## EXERCISE INSTRUCTIONS
Search the records for the string "units", then copy each line where it appears.

## GIVEN DATA

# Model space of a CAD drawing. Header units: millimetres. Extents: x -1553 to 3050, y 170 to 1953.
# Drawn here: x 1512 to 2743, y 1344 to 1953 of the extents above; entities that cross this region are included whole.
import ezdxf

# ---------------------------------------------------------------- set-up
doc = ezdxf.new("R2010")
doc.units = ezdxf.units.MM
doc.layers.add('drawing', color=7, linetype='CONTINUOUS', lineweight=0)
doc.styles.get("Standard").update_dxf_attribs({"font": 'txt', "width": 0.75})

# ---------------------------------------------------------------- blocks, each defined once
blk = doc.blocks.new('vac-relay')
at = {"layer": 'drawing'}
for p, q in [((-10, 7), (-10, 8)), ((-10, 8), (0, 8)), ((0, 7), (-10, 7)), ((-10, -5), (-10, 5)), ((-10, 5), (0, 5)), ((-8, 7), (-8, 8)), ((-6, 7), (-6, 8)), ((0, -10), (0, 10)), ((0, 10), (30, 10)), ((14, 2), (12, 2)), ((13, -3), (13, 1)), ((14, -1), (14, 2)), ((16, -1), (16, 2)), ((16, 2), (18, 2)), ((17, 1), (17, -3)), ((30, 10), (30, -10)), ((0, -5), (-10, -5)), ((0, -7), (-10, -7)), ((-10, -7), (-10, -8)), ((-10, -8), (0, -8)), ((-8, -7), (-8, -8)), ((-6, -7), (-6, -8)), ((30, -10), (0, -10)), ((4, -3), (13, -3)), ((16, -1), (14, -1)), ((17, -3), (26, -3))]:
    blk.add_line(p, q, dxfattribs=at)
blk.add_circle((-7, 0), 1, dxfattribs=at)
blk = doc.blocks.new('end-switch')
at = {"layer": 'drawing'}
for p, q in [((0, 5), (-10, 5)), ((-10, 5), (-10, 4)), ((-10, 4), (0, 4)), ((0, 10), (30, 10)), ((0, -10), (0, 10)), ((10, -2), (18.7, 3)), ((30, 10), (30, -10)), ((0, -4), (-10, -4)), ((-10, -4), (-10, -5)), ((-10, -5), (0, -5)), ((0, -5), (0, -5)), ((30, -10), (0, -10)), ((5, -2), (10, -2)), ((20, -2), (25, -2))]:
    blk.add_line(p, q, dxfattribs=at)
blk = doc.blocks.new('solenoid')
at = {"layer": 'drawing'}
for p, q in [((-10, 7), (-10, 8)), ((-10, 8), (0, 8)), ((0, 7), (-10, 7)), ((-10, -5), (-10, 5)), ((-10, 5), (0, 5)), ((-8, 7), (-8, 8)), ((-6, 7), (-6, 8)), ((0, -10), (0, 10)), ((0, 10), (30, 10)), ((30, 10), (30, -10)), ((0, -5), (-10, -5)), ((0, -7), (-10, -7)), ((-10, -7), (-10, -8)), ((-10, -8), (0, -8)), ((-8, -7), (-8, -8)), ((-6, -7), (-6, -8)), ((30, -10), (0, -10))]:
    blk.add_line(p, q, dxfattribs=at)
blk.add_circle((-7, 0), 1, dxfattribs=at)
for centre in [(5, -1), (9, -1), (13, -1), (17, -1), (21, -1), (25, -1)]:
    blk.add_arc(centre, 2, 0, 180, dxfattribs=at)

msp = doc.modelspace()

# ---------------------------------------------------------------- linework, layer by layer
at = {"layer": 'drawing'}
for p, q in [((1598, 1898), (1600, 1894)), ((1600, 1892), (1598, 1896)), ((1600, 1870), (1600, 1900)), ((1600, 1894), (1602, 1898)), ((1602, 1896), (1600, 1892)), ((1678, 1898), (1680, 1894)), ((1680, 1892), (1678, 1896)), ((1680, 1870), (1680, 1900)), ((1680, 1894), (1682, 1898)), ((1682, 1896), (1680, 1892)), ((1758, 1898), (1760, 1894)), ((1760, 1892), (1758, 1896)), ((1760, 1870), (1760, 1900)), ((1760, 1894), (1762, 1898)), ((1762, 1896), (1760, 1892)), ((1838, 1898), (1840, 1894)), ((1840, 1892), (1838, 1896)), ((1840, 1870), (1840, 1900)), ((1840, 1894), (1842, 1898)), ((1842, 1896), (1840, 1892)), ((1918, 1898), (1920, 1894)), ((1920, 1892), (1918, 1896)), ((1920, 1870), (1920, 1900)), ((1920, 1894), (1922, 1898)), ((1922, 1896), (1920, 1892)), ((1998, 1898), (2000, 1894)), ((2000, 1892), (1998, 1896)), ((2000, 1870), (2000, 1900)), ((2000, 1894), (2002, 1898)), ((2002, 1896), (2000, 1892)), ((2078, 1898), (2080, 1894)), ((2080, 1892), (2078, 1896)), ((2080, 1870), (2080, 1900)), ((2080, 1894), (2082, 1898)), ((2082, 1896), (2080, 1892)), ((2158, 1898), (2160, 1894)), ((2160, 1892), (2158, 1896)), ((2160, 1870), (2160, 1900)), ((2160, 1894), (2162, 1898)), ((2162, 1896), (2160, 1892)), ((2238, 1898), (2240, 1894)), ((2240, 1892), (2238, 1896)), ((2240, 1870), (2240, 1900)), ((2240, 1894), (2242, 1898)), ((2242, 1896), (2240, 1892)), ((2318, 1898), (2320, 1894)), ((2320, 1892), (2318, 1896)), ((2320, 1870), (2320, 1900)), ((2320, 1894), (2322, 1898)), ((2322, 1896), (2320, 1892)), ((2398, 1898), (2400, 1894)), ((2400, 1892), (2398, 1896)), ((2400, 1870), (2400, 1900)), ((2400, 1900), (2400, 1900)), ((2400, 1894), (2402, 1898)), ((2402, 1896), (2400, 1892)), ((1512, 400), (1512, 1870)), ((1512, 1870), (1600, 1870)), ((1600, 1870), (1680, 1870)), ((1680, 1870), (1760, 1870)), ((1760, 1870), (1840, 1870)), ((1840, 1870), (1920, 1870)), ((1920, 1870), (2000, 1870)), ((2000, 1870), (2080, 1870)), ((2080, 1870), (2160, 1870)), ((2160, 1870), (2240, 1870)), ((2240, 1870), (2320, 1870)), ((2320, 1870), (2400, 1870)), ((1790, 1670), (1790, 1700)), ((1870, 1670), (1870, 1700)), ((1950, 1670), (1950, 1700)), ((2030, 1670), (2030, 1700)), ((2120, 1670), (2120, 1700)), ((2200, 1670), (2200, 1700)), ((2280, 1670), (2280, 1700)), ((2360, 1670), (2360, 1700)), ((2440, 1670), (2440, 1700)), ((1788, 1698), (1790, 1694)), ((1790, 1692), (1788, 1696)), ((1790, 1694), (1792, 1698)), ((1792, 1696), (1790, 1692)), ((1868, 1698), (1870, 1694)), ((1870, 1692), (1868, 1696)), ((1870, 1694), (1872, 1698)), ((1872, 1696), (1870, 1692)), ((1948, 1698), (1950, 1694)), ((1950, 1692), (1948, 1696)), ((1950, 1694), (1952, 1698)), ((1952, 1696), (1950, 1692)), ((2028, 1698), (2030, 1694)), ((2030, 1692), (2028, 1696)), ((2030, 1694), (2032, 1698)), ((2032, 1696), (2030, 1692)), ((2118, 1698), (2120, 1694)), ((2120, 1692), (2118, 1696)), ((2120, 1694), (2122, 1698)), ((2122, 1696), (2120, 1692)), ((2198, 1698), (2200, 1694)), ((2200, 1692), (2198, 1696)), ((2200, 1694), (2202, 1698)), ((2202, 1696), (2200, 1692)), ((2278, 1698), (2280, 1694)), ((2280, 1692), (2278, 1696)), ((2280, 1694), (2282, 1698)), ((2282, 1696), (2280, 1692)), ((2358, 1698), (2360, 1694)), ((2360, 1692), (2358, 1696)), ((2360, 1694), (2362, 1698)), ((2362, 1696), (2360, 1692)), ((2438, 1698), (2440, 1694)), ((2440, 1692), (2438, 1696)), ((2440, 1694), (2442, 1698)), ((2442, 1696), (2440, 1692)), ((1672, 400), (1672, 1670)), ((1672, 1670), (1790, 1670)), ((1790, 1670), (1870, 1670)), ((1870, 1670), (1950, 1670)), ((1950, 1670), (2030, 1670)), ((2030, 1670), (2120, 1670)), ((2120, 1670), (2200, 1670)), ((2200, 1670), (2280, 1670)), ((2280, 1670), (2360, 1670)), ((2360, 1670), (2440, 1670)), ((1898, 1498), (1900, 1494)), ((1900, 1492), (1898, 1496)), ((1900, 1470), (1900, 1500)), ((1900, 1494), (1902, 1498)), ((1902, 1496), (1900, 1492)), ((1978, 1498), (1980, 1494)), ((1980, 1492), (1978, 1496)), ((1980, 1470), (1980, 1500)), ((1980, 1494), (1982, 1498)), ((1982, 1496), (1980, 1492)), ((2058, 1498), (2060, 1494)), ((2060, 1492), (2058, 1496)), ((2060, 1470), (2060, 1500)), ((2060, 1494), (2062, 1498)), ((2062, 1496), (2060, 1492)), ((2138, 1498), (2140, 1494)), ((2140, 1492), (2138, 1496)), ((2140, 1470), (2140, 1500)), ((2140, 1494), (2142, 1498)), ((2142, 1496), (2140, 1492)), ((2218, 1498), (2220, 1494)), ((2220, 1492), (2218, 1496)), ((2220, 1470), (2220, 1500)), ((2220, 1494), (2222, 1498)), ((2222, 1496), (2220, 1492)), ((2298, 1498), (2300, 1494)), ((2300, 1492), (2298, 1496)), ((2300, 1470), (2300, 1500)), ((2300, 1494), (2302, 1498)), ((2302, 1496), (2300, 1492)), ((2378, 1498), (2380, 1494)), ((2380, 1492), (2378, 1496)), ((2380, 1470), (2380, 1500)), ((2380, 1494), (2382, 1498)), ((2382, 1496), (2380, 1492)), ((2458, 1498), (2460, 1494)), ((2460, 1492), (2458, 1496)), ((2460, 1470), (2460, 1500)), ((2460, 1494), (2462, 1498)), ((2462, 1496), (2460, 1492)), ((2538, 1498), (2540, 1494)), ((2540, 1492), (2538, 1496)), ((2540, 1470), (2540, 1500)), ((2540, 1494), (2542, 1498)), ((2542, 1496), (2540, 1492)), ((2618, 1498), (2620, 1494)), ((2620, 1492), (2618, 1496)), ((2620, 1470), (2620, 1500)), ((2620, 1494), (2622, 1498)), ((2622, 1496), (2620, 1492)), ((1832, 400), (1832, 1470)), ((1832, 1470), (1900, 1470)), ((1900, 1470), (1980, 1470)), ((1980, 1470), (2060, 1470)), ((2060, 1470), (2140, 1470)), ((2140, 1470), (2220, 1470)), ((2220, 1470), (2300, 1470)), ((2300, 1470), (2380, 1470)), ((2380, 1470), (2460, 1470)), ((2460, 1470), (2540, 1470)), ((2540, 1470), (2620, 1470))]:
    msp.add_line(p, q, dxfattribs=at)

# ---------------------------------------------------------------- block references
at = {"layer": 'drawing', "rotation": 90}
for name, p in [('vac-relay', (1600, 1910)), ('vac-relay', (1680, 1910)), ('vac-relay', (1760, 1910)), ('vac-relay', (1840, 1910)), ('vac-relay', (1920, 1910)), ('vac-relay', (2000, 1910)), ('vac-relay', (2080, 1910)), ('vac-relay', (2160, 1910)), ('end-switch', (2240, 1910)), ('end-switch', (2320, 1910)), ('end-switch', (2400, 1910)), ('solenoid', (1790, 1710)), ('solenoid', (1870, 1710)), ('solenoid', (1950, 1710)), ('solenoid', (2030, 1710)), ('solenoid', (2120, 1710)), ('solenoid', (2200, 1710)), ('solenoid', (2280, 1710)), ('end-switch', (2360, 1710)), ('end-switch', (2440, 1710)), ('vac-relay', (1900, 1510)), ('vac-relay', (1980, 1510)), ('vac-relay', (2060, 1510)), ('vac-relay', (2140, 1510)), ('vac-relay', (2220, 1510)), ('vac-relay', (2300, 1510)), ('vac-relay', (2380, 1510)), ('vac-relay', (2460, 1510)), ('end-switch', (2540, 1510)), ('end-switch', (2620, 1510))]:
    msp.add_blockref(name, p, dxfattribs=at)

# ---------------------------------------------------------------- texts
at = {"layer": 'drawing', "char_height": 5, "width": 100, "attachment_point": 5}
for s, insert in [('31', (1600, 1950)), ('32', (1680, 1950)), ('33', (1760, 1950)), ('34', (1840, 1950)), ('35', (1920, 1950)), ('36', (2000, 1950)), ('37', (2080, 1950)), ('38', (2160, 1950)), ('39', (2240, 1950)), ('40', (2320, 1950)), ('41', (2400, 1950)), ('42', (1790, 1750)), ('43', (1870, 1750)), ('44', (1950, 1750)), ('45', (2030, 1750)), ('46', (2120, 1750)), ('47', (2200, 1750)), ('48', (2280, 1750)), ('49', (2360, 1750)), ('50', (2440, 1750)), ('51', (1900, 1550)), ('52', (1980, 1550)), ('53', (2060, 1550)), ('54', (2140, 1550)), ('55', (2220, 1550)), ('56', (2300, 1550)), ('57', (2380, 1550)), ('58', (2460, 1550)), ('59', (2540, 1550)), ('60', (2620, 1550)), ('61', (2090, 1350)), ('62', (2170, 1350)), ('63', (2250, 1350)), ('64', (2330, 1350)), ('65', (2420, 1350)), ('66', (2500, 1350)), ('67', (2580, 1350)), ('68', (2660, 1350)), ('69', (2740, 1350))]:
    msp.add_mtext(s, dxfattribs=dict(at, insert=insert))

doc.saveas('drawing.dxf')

## YOUR RESPONSE
# Model space of a CAD drawing. Header units: millimetres. Extents: x -1553 to 3050, y 170 to 1953.
doc.units = ezdxf.units.MM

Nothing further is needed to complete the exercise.